At this point, readability is moot. May as well use something that is easy for computers.
It's a standard. That's a good enough reason.
You can store anything in it.
It was made for just this use case.

Warning

Just, for godsake, don't not write your own de novo format. It's not as easy if it looks and untold hours have been consumed by dodgy home-grown formats. Write any format you use on top of YAML or XML. Even then, it's very easy to cock it up.

For web databases

Use REDCap. Really. It does most everything you want to do, has sophisticated access control, a nice body of reporting tools, it's easy to design / revise databases, it's easy to import and export data, there's a large body of expertise, it's secure, there's a body of expertise and experience out there.

(CKAN and opendatakitr may be good fits for this niche but I have less firsthand knowledge.)

If you have to go beyond this - say for a database with heavy relational elements, or a lot of custom tools and datatypes, use Ruby-on-Rails. It is built for quickly doing this sort of CRUD database, making a lot of assumptions to speed development that will almost certainly hold for your data needs. It can't do everything, but it can almost certainly do what you need to do. Actually, use Hobo, which is like the next level RoR, allowing very rapid db development.

The one downside is the dizzying rate of change in the RoR ecosystem, where yesterdays way is Old-and-Busted and tomorrow's New Hotness doesn't quite work yet. But a little bit of careful and conservative development can get you around this.

Alternatives

JSON

Certainly if you're working in Javascript (WHY?) or interacting with web-services, your data may pass through JSON. But as a primary data format? No. And that's before we consider the lack of data manipulation and search tools.

Excel

No.

Just wait until you come across your very important piece of data that Excel silently "corrects", or try and untangle the difference between a number that is contained in a numeric cell and one that is stored in a text cell. Then you'll understand. Look here:

Digression: It's often quite hard to avoid Excel, it's so embedded in everyone's workflow. Of course if someone needs a spreadsheet, they're going to use Excel, and so you are forced to deal with it. Even if you personally don't use Excel, it can still cause problems. I once set up a database and a user complained vociferously about how I'd "corrupted the data". They'd downloaded the data, imported it into Excel, the program 'corrected' the data ...

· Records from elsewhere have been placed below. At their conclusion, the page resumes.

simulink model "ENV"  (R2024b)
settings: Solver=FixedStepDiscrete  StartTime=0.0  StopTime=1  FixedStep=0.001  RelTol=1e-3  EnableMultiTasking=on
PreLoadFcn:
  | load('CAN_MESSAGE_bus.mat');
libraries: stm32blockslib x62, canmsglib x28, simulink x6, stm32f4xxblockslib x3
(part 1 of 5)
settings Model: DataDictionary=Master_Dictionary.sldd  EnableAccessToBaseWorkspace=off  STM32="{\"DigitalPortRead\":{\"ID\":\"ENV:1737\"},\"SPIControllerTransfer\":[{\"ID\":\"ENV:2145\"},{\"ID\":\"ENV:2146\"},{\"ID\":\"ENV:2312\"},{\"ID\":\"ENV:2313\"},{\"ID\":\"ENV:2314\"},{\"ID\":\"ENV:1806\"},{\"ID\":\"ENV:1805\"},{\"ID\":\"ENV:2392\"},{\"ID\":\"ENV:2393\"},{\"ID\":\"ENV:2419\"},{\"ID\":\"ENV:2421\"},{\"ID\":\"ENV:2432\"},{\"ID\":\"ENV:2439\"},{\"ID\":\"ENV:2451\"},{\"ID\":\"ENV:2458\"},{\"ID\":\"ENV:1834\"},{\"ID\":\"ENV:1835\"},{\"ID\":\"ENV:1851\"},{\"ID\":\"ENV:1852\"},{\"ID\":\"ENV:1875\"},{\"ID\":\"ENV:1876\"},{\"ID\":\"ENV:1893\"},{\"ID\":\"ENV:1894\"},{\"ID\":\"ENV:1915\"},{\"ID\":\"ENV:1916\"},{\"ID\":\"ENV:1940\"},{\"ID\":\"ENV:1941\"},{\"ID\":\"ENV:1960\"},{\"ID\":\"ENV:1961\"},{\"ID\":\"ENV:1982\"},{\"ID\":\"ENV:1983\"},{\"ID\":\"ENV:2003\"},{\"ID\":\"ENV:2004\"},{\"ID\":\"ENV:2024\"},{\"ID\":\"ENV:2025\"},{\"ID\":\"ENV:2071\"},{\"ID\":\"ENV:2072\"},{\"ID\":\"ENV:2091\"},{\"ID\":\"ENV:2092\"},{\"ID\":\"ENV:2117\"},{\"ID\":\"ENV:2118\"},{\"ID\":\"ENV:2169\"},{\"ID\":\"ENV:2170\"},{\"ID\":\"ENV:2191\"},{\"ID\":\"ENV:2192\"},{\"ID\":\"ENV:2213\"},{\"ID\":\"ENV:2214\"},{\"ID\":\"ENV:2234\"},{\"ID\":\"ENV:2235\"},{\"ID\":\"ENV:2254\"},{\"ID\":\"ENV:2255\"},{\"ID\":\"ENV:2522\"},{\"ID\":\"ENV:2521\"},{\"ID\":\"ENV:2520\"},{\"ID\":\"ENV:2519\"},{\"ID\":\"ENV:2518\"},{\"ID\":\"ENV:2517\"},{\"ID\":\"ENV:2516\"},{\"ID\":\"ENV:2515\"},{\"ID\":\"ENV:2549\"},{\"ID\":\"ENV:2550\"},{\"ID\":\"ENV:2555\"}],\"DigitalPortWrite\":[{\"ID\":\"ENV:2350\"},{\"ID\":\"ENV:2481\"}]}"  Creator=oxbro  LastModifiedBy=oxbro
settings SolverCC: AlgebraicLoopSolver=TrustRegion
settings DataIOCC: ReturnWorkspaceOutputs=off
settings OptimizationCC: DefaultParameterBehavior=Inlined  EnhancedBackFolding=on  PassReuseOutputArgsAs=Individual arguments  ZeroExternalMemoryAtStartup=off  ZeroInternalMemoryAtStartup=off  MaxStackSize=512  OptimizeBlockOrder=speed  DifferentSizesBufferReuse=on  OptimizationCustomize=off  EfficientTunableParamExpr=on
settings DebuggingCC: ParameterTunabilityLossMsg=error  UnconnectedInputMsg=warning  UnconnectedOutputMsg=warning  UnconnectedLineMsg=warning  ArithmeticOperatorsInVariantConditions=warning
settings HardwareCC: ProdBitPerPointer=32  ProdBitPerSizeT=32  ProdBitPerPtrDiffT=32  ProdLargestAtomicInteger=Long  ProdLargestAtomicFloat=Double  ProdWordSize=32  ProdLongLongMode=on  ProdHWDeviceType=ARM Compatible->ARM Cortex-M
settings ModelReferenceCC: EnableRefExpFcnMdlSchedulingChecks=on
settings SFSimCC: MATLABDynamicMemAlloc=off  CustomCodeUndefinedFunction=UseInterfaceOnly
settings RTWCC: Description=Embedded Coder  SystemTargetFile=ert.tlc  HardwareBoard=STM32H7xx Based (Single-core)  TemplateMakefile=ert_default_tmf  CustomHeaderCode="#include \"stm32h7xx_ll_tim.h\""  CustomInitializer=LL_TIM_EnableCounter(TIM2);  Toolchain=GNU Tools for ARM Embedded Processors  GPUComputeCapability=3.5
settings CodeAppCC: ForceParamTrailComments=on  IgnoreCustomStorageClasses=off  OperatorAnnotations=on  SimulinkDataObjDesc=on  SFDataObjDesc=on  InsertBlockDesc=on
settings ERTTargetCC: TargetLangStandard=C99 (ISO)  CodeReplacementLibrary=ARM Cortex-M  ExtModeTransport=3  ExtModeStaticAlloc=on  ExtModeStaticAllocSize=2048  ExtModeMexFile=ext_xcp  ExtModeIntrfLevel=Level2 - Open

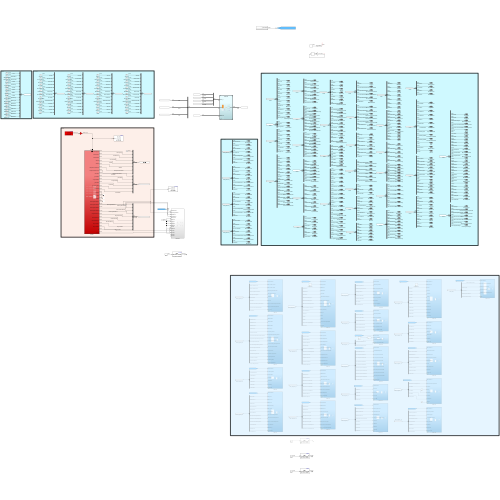
[thumbnail: Simulink's stored preview of the top-level diagram]
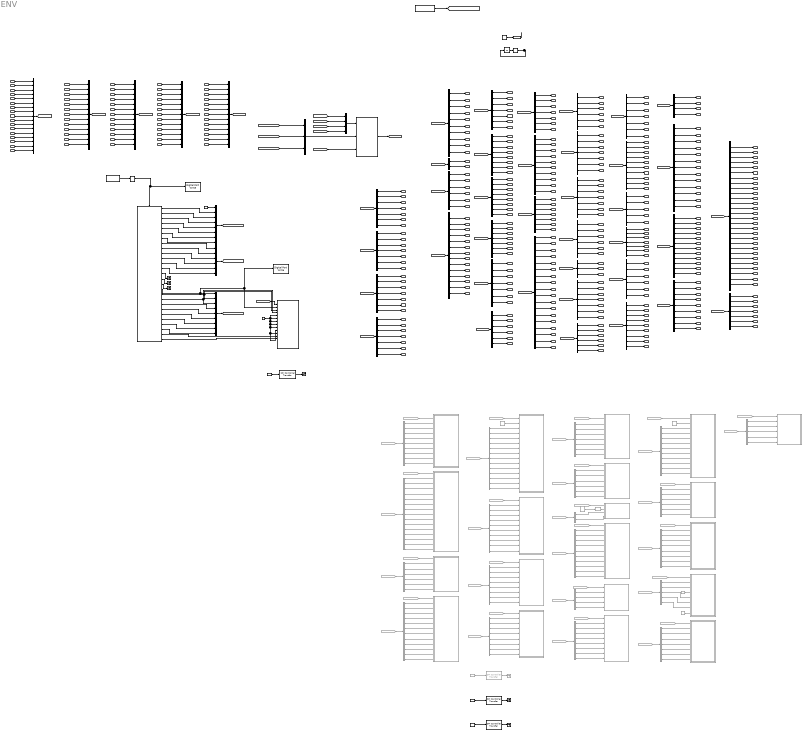
== system ENV ==
  note: CAN3
  note: CAN 1&2
  note: CAN4
  note: CAN1&2
  note: CAN3
  note: CAN3
  nMotorRL : Inport
  BInvDCOnRLIn : Inport  Port=2
  BInvErrorRL : Inport  Port=3
  BInvOnRLIn : Inport  Port=4
  BInvQuitDcOnRL : Inport  Port=5
  BQuitInvOnRL : Inport  Port=6
  BInvSysReadyRL : Inport  Port=7
  BInvWarnRL : Inport  Port=8
  MMotorMeasuredRL : Inport  Port=9
  NInvDTCRL : Inport  Port=10
  TMotorRL : Inport  Port=11
  VDCInvRL : Inport  Port=12
  TInvRL : Inport  Port=13
  nMotorRR : Inport  Port=14
  BInvDCOnRRIn : Inport  Port=15
  BInvErrorRR : Inport  Port=16
  BInvOnRRIn : Inport  Port=17
  BInvQuitDcOnRR : Inport  Port=18
  BQuitInvOnRR : Inport  Port=19
  BInvSysReadyRR : Inport  Port=20
  BInvWarnRR : Inport  Port=21
  MMotorMeasuredRR : Inport  Port=22
  NInvDTCRR : Inport  Port=23
  TMotorRR : Inport  Port=24
  VDCInvRR : Inport  Port=25
  TInvRR : Inport  Port=26
  nMotorFL : Inport  Port=27
  BInvDCOnFLIn : Inport  Port=28
  BInvErrorFL : Inport  Port=29
  BInvOnFLIn : Inport  Port=30
  BInvQuitDcOnFL : Inport  Port=31
  BQuitInvOnFL : Inport  Port=32
  BInvSysReadyFL : Inport  Port=33
  BInvWarnFL : Inport  Port=34
  MMotorMeasuredFL : Inport  Port=35
  NInvDTCFL : Inport  Port=36
  TMotorFL : Inport  Port=37
  VDCInvFL : Inport  Port=38
  TInvFL : Inport  Port=39
  nMotorFR : Inport  Port=40
  BInvDCOnFRIn : Inport  Port=41
  BInvErrorFR : Inport  Port=42
  BInvOnFRIn : Inport  Port=43
  BInvQuitDcOnFR : Inport  Port=44
  BQuitInvOnFR : Inport  Port=45
  BInvSysReadyFR : Inport  Port=46
  BInvWarnFR : Inport  Port=47
  MMotorMeasuredFR : Inport  Port=48
  NInvDTCFR : Inport  Port=49
  TMotorFR : Inport  Port=50
  VDCInvFR : Inport  Port=51
  TInvFR : Inport  Port=52
  IIVTS : Inport  Port=53
  IBMSHallEffect : Inport  Port=54
  VDCAccumulator : Inport  Port=55
  TCellMin : Inport  Port=56
  VCellAverage : Inport  Port=57
  VCellMax : Inport  Port=58
  TCellMax : Inport  Port=59
  IBMSDCL : Inport  Port=60
  VCellMin : Inport  Port=61
  RCellAverage : Inport  Port=62
  BBalancingOn : Inport  Port=63
  BBMSP0A0C : Inport  Port=64  OutDataTypeStr=boolean
  BBMSP0A0E : Inport  Port=65
  BBMSP0A10 : Inport  Port=66
  BBMSP0A80 : Inport  Port=67
  BBMSP0AC0 : Inport  Port=68
  BBMSP0AFA : Inport  Port=69
  Bus Creator : BusCreator  Inputs=3  OutDataTypeStr=Bus: CAN3Bus
  Bus Creator14 : BusCreator  Inputs=13  OutDataTypeStr=Bus: InverterFL
  Bus Creator15 : BusCreator  Inputs=13  OutDataTypeStr=Bus: InverterFR
  Bus Creator17 : BusCreator  Inputs=13  OutDataTypeStr=Bus: InverterRL
  Bus Creator18 : BusCreator  Inputs=17  OutDataTypeStr=Bus: BMS
  Bus Creator19 : BusCreator  Inputs=13  OutDataTypeStr=Bus: InverterRR
  Bus Creator2 : BusCreator  Inputs=8  OutDataTypeStr=Bus: DDU7
  Bus Creator3 : BusCreator  Inputs=6  OutDataTypeStr=Bus: IMU
      settings: InheritFromInputs=off
  Bus Creator4 : BusCreator  Inputs=9  OutDataTypeStr=Bus: STW
  Bus Selector : BusSelector  OutputSignals=TorqueControl.MFLFinal,TorqueControl.MFRFinal,TorqueControl.MRLFinal,TorqueControl.MRRFinal,BMSSignals.IIVTS,Systems.PActual,Systems.BBrakeError,Systems.BThrottleError,Systems.BOverpower,Limitations.BDischargeAllowed
  Bus Selector1 : BusSelector  OutputSignals=Systems.vChassis,Systems.PEnergyMeter
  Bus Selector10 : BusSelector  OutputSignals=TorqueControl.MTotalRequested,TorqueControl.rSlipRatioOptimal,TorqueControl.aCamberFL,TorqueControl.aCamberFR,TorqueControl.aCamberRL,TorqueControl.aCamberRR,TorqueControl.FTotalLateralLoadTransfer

On the other hand, Excel has little competition in the 'point and click' creation of graphs and the pivot-table feature is actually very useful. The only thing you can do is aim for least-corruptible formatting. Send and receive data as CSV. Export data in forms that Excel can't interpret and has to treat as plain un-normalisable text.

Open/LibreOffice

And now it's okay to poke yourself in the eye with a stick because the stick is ideologically correct?

Langauge-specific encodings

Python pickles, .RData, SPSS .spv and .sav files ... Ask if you always and forever will be using this program. Ask if you and everyone you work with will always have access to this program. Ask if this format and program that reads it will never change.

General rules

Where possible, use open, data and platform-agnostic formats. Avoid proprietary formats.
Where possible, use human readable formats
Use as simple a format (or tool) as you can get away with.
Do not invent your own format.
Seriously, do not invent your own format.
Go with the crowd and use common tools and formats, so as to leverage others experience.
Remember the object is not the formatting or storage of the data but the analysis of the data.